• [PROBLEM DESCRIPTION]: Below are the entries. Transcribe exactly the lines from the one with "doc.layers.add(name, color=color, linetype=linetype)" through the one with "msp.add_line(p, q, dxfattribs=at)", ends included, and leave out all others.

(Dataset entries)
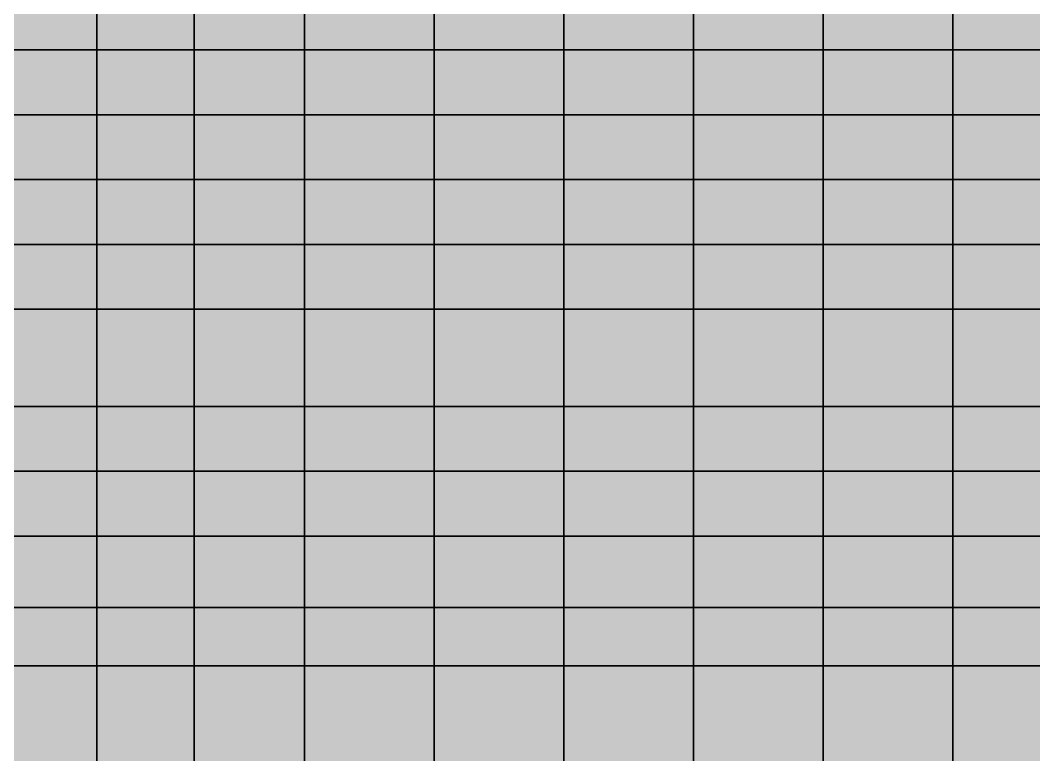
# Model space of a CAD drawing. Header units: inches. Extents: x -100 to 147, y -140 to 41.
# Drawn here: x 50.12 to 65.75, y -29.87 to -18.54 of the extents above; entities that cross this region are included whole.
import ezdxf

# ---------------------------------------------------------------- set-up
doc = ezdxf.new("R2010")
doc.units = ezdxf.units.IN
doc.header["$MEASUREMENT"] = 0
for name, color, linetype in [('Contour 1-01', 7, 'Continuous'), ('Contour 1-02', 7, 'Continuous'), ('Contour 1-03', 7, 'Continuous'), ('Contour 1-04', 7, 'Continuous'), ('Contour 1-05', 7, 'Continuous'), ('Mesh-Ac1①', 7, 'Continuous'), ('Mesh-MPC', 7, 'Continuous'), ('Mesh-SCP(30%)_Ac1①', 7, 'Continuous'), ('Mesh-事前混合処理土', 7, 'Continuous'), ('Mesh-埋立土(水中)', 7, 'Continuous'), ('Undeformed Mesh-Ac1①', 7, 'Continuous'), ('Undeformed Mesh-SCP(30%)_Ac1①', 7, 'Continuous'), ('Undeformed Mesh-事前混合処理土', 7, 'Continuous'), ('Undeformed Mesh-埋立土(水中)', 7, 'Continuous')]:
    doc.layers.add(name, color=color, linetype=linetype)

msp = doc.modelspace()

# ---------------------------------------------------------------- linework, layer by layer
at = {"color": 7, "true_color": 0xffffff, "transparency": 33554687}
for p, q in [((54.5, -19), (54.5, -19)), ((54.5, -20), (54.5, -20)), ((54.5, -21), (54.5, -21)), ((54.5, -22), (54.5, -22)), ((54.5, -23), (54.5, -23)), ((54.5, -24.5), (54.5, -24.5)), ((54.5, -25.5), (54.5, -25.5)), ((54.5, -26.5), (54.5, -26.5)), ((54.5, -27.6), (54.5, -27.6)), ((54.5, -28.5), (54.5, -28.5))]:
    msp.add_line(p, q, dxfattribs=at)
for points in [[(49.8, -18), (49.8, -19), (51.3, -19)], [(49.8, -18), (51.3, -19), (51.3, -18)], [(51.3, -18), (51.3, -19), (52.8, -19)], [(51.3, -18), (52.8, -19), (52.8, -18)], [(54.5, -19), (54.5, -18), (52.8, -18)], [(54.5, -19), (52.8, -18), (52.8, -19)], [(56.5, -19), (56.5, -18), (54.5, -18)], [(56.5, -19), (54.5, -18), (54.5, -19)], [(56.5, -19), (58.5, -19), (58.5, -18)], [(56.5, -19), (58.5, -18), (56.5, -18)], [(60.5, -19), (60.5, -18), (58.5, -18)], [(60.5, -19), (58.5, -18), (58.5, -19)], [(62.5, -19), (62.5, -18), (60.5, -18)], [(62.5, -19), (60.5, -18), (60.5, -19)], [(62.5, -19), (64.5, -19), (64.5, -18)], [(62.5, -19), (64.5, -18), (62.5, -18)], [(64.5, -19), (67, -19), (67, -18)], [(64.5, -19), (67, -18), (64.5, -18)], [(49.8, -20), (51.3, -20), (51.3, -19)], [(49.8, -20), (51.3, -19), (49.8, -19)], [(51.3, -19), (51.3, -20), (52.8, -20)], [(51.3, -19), (52.8, -20), (52.8, -19)], [(54.5, -20), (54.5, -19), (52.8, -19)], [(54.5, -20), (52.8, -19), (52.8, -20)], [(56.5, -20), (56.5, -19), (54.5, -19)], [(56.5, -20), (54.5, -19), (54.5, -20)], [(56.5, -20), (58.5, -20), (58.5, -19)], [(56.5, -20), (58.5, -19), (56.5, -19)], [(58.5, -20), (60.5, -20), (60.5, -19)], [(58.5, -20), (60.5, -19), (58.5, -19)], [(60.5, -20), (62.5, -20), (62.5, -19)], [(60.5, -20), (62.5, -19), (60.5, -19)], [(62.5, -20), (64.5, -20), (64.5, -19)], [(62.5, -20), (64.5, -19), (62.5, -19)], [(64.5, -20), (67, -20), (67, -19)], [(64.5, -20), (67, -19), (64.5, -19)], [(49.8, -21), (51.3, -21), (51.3, -20)], [(49.8, -21), (51.3, -20), (49.8, -20)], [(51.3, -20), (51.3, -21), (52.8, -21)], [(51.3, -20), (52.8, -21), (52.8, -20)], [(52.8, -21), (54.5, -21), (54.5, -20)], [(52.8, -21), (54.5, -20), (52.8, -20)], [(56.5, -21), (56.5, -20), (54.5, -20)], [(56.5, -21), (54.5, -20), (54.5, -21)], [(56.5, -21), (58.5, -21), (58.5, -20)], [(56.5, -21), (58.5, -20), (56.5, -20)], [(58.5, -21), (60.5, -21), (60.5, -20)], [(58.5, -21), (60.5, -20), (58.5, -20)], [(60.5, -21), (62.5, -21), (62.5, -20)], [(60.5, -21), (62.5, -20), (60.5, -20)], [(62.5, -21), (64.5, -21), (64.5, -20)], [(62.5, -21), (64.5, -20), (62.5, -20)], [(64.5, -21), (67, -21), (67, -20)], [(64.5, -21), (67, -20), (64.5, -20)], [(49.8, -22), (51.3, -22), (51.3, -21)], [(49.8, -22), (51.3, -21), (49.8, -21)], [(51.3, -21), (51.3, -22), (52.8, -22)], [(51.3, -21), (52.8, -22), (52.8, -21)], [(52.8, -22), (54.5, -22), (54.5, -21)], [(52.8, -22), (54.5, -21), (52.8, -21)], [(56.5, -22), (56.5, -21), (54.5, -21)], [(56.5, -22), (54.5, -21), (54.5, -22)], [(56.5, -22), (58.5, -22), (58.5, -21)], [(56.5, -22), (58.5, -21), (56.5, -21)], [(58.5, -22), (60.5, -22), (60.5, -21)], [(58.5, -22), (60.5, -21), (58.5, -21)], [(60.5, -22), (62.5, -22), (62.5, -21)], [(60.5, -22), (62.5, -21), (60.5, -21)], [(62.5, -22), (64.5, -22), (64.5, -21)], [(62.5, -22), (64.5, -21), (62.5, -21)], [(64.5, -22), (67, -22), (67, -21)], [(64.5, -22), (67, -21), (64.5, -21)], [(49.8, -23), (51.3, -23), (51.3, -22)], [(49.8, -23), (51.3, -22), (49.8, -22)], [(51.3, -22), (51.3, -23), (52.8, -23)], [(51.3, -22), (52.8, -23), (52.8, -22)], [(52.8, -23), (54.5, -23), (54.5, -22)], [(52.8, -23), (54.5, -22), (52.8, -22)], [(56.5, -23), (56.5, -22), (54.5, -22)], [(56.5, -23), (54.5, -22), (54.5, -23)], [(56.5, -23), (58.5, -23), (58.5, -22)], [(56.5, -23), (58.5, -22), (56.5, -22)], [(58.5, -23), (60.5, -23), (60.5, -22)], [(58.5, -23), (60.5, -22), (58.5, -22)], [(60.5, -23), (62.5, -23), (62.5, -22)], [(60.5, -23), (62.5, -22), (60.5, -22)], [(62.5, -23), (64.5, -23), (64.5, -22)], [(62.5, -23), (64.5, -22), (62.5, -22)], [(64.5, -23), (67, -23), (67, -22)], [(64.5, -23), (67, -22), (64.5, -22)], [(51.3, -23), (49.8, -23), (49.8, -24.5)], [(51.3, -23), (49.8, -24.5), (51.3, -24.5)], [(51.3, -23), (51.3, -24.5), (52.8, -24.5)], [(51.3, -23), (52.8, -24.5), (52.8, -23)], [(54.5, -24.5), (54.5, -23), (52.8, -23)], [(54.5, -24.5), (52.8, -23), (52.8, -24.5)], [(54.5, -23), (54.5, -24.5), (56.5, -24.5)], [(54.5, -23), (56.5, -24.5), (56.5, -23)], [(56.5, -24.5), (58.5, -24.5), (58.5, -23)], [(56.5, -24.5), (58.5, -23), (56.5, -23)], [(58.5, -24.5), (60.5, -24.5), (60.5, -23)], [(58.5, -24.5), (60.5, -23), (58.5, -23)], [(60.5, -24.5), (62.5, -24.5), (62.5, -23)], [(60.5, -24.5), (62.5, -23), (60.5, -23)], [(62.5, -24.5), (64.5, -24.5), (64.5, -23)], [(62.5, -24.5), (64.5, -23), (62.5, -23)], [(64.5, -24.5), (67, -24.5), (67, -23)], [(64.5, -24.5), (67, -23), (64.5, -23)], [(49.8, -25.5), (51.3, -25.5), (51.3, -24.5)], [(49.8, -25.5), (51.3, -24.5), (49.8, -24.5)], [(51.3, -24.5), (51.3, -25.5), (52.8, -25.5)], [(51.3, -24.5), (52.8, -25.5), (52.8, -24.5)], [(52.8, -25.5), (54.5, -25.5), (54.5, -24.5)], [(52.8, -25.5), (54.5, -24.5), (52.8, -24.5)], [(56.5, -25.5), (56.5, -24.5), (54.5, -24.5)], [(56.5, -25.5), (54.5, -24.5), (54.5, -25.5)], [(56.5, -25.5), (58.5, -25.5), (58.5, -24.5)], [(56.5, -25.5), (58.5, -24.5), (56.5, -24.5)], [(58.5, -25.5), (60.5, -25.5), (60.5, -24.5)], [(58.5, -25.5), (60.5, -24.5), (58.5, -24.5)], [(60.5, -25.5), (62.5, -25.5), (62.5, -24.5)], [(60.5, -25.5), (62.5, -24.5), (60.5, -24.5)], [(62.5, -25.5), (64.5, -25.5), (64.5, -24.5)], [(62.5, -25.5), (64.5, -24.5), (62.5, -24.5)], [(64.5, -25.5), (67, -25.5), (67, -24.5)], [(64.5, -25.5), (67, -24.5), (64.5, -24.5)], [(49.8, -26.5), (51.3, -26.5), (51.3, -25.5)], [(49.8, -26.5), (51.3, -25.5), (49.8, -25.5)], [(51.3, -26.5), (52.8, -26.5), (52.8, -25.5)], [(51.3, -26.5), (52.8, -25.5), (51.3, -25.5)], [(52.8, -25.5), (52.8, -26.5), (54.5, -26.5)], [(52.8, -25.5), (54.5, -26.5), (54.5, -25.5)], [(56.5, -26.5), (56.5, -25.5), (54.5, -25.5)], [(56.5, -26.5), (54.5, -25.5), (54.5, -26.5)], [(56.5, -26.5), (58.5, -26.5), (58.5, -25.5)], [(56.5, -26.5), (58.5, -25.5), (56.5, -25.5)], [(58.5, -26.5), (60.5, -26.5), (60.5, -25.5)], [(58.5, -26.5), (60.5, -25.5), (58.5, -25.5)], [(60.5, -26.5), (62.5, -26.5), (62.5, -25.5)], [(60.5, -26.5), (62.5, -25.5), (60.5, -25.5)], [(62.5, -26.5), (64.5, -26.5), (64.5, -25.5)], [(62.5, -26.5), (64.5, -25.5), (62.5, -25.5)], [(64.5, -26.5), (67, -26.5), (67, -25.5)], [(64.5, -26.5), (67, -25.5), (64.5, -25.5)], [(49.8, -27.6), (51.3, -27.6), (51.3, -26.5)], [(49.8, -27.6), (51.3, -26.5), (49.8, -26.5)], [(51.3, -27.6), (52.8, -27.6), (52.8, -26.5)], [(51.3, -27.6), (52.8, -26.5), (51.3, -26.5)], [(52.8, -26.5), (52.8, -27.6), (54.5, -27.6)], [(52.8, -26.5), (54.5, -27.6), (54.5, -26.5)], [(56.5, -27.6), (56.5, -26.5), (54.5, -26.5)], [(56.5, -27.6), (54.5, -26.5), (54.5, -27.6)], [(56.5, -27.6), (58.5, -27.6), (58.5, -26.5)], [(56.5, -27.6), (58.5, -26.5), (56.5, -26.5)], [(58.5, -27.6), (60.5, -27.6), (60.5, -26.5)], [(58.5, -27.6), (60.5, -26.5), (58.5, -26.5)], [(60.5, -27.6), (62.5, -27.6), (62.5, -26.5)], [(60.5, -27.6), (62.5, -26.5), (60.5, -26.5)], [(62.5, -27.6), (64.5, -27.6), (64.5, -26.5)], [(62.5, -27.6), (64.5, -26.5), (62.5, -26.5)], [(64.5, -27.6), (67, -27.6), (67, -26.5)], [(64.5, -27.6), (67, -26.5), (64.5, -26.5)], [(49.8, -28.5), (51.3, -28.5), (51.3, -27.6)], [(49.8, -28.5), (51.3, -27.6), (49.8, -27.6)], [(51.3, -28.5), (52.8, -28.5), (52.8, -27.6)], [(51.3, -28.5), (52.8, -27.6), (51.3, -27.6)], [(52.8, -27.6), (52.8, -28.5), (54.5, -28.5)], [(52.8, -27.6), (54.5, -28.5), (54.5, -27.6)], [(56.5, -28.5), (56.5, -27.6), (54.5, -27.6)], [(56.5, -28.5), (54.5, -27.6), (54.5, -28.5)], [(56.5, -28.5), (58.5, -28.5), (58.5, -27.6)], [(56.5, -28.5), (58.5, -27.6), (56.5, -27.6)], [(60.5, -28.5), (60.5, -27.6), (58.5, -27.6)], [(60.5, -28.5), (58.5, -27.6), (58.5, -28.5)], [(60.5, -28.5), (62.5, -28.5), (62.5, -27.6)], [(60.5, -28.5), (62.5, -27.6), (60.5, -27.6)], [(62.5, -28.5), (64.5, -28.5), (64.5, -27.6)], [(62.5, -28.5), (64.5, -27.6), (62.5, -27.6)], [(64.5, -28.5), (67, -28.5), (67, -27.6)], [(64.5, -28.5), (67, -27.6), (64.5, -27.6)], [(51.3, -28.5), (49.8, -28.5), (49.8, -30.1)], [(51.3, -28.5), (49.8, -30.1), (51.3, -30.1)], [(51.3, -28.5), (51.3, -30.1), (52.8, -30.1)], [(51.3, -28.5), (52.8, -30.1), (52.8, -28.5)], [(52.8, -28.5), (52.8, -30.1), (54.5, -30.1)], [(52.8, -28.5), (54.5, -30.1), (54.5, -28.5)], [(56.5, -30.1), (56.5, -28.5), (54.5, -28.5)], [(56.5, -30.1), (54.5, -28.5), (54.5, -30.1)], [(58.5, -28.5), (56.5, -28.5), (56.5, -30.1)], [(58.5, -28.5), (56.5, -30.1), (58.5, -30.1)], [(60.5, -30.1), (60.5, -28.5), (58.5, -28.5)], [(60.5, -30.1), (58.5, -28.5), (58.5, -30.1)], [(62.5, -30.1), (62.5, -28.5), (60.5, -28.5)], [(62.5, -30.1), (60.5, -28.5), (60.5, -30.1)], [(64.5, -28.5), (62.5, -28.5), (62.5, -30.1)], [(64.5, -28.5), (62.5, -30.1), (64.5, -30.1)], [(67, -28.5), (64.5, -28.5), (64.5, -30.1)], [(67, -28.5), (64.5, -30.1), (67, -30.1)]]:
    msp.add_solid(points, dxfattribs=at)
at = {"layer": 'Contour 1-01', "color": 5, "true_color": 0x0000ff}
for points in [[(51.3, -23), (51.3, -24.5), (52.8, -24.5)], [(51.3, -23), (52.8, -24.5), (52.8, -23)], [(54.5, -24.5), (54.5, -23), (52.8, -23)], [(54.5, -24.5), (52.8, -23), (52.8, -24.5)]]:
    msp.add_solid(points, dxfattribs=at)
at = {"layer": 'Contour 1-02', "color": 150, "true_color": 0x0071ff}
for points in [[(49.8, -23), (51.3, -23), (51.3, -22)], [(49.8, -23), (51.3, -22), (49.8, -22)], [(51.3, -22), (51.3, -23), (52.8, -23)], [(51.3, -22), (52.8, -23), (52.8, -22)], [(51.3, -23), (49.8, -23), (49.8, -24.5)], [(51.3, -23), (49.8, -24.5), (51.3, -24.5)]]:
    msp.add_solid(points, dxfattribs=at)
at = {"layer": 'Contour 1-03', "color": 4, "true_color": 0x00e2ff}
for points in [[(49.8, -18), (49.8, -19), (51.3, -19)], [(49.8, -18), (51.3, -19), (51.3, -18)], [(51.3, -18), (51.3, -19), (52.8, -19)], [(51.3, -18), (52.8, -19), (52.8, -18)], [(54.5, -19), (54.5, -18), (52.8, -18)], [(54.5, -19), (52.8, -18), (52.8, -19)], [(56.5, -19), (56.5, -18), (54.5, -18)], [(56.5, -19), (54.5, -18), (54.5, -19)], [(56.5, -19), (58.5, -19), (58.5, -18)], [(56.5, -19), (58.5, -18), (56.5, -18)], [(60.5, -19), (60.5, -18), (58.5, -18)], [(60.5, -19), (58.5, -18), (58.5, -19)], [(62.5, -19), (62.5, -18), (60.5, -18)], [(62.5, -19), (60.5, -18), (60.5, -19)], [(62.5, -19), (64.5, -19), (64.5, -18)], [(62.5, -19), (64.5, -18), (62.5, -18)], [(64.5, -19), (67, -19), (67, -18)], [(64.5, -19), (67, -18), (64.5, -18)], [(49.8, -20), (51.3, -20), (51.3, -19)], [(49.8, -20), (51.3, -19), (49.8, -19)], [(51.3, -19), (51.3, -20), (52.8, -20)], [(51.3, -19), (52.8, -20), (52.8, -19)], [(54.5, -20), (54.5, -19), (52.8, -19)], [(54.5, -20), (52.8, -19), (52.8, -20)], [(56.5, -20), (56.5, -19), (54.5, -19)], [(56.5, -20), (54.5, -19), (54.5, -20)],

• [WRITTEN RESPONSE]:
    doc.layers.add(name, color=color, linetype=linetype)

msp = doc.modelspace()

# ---------------------------------------------------------------- linework, layer by layer
at = {"color": 7, "true_color": 0xffffff, "transparency": 33554687}
for p, q in [((54.5, -19), (54.5, -19)), ((54.5, -20), (54.5, -20)), ((54.5, -21), (54.5, -21)), ((54.5, -22), (54.5, -22)), ((54.5, -23), (54.5, -23)), ((54.5, -24.5), (54.5, -24.5)), ((54.5, -25.5), (54.5, -25.5)), ((54.5, -26.5), (54.5, -26.5)), ((54.5, -27.6), (54.5, -27.6)), ((54.5, -28.5), (54.5, -28.5))]:
    msp.add_line(p, q, dxfattribs=at)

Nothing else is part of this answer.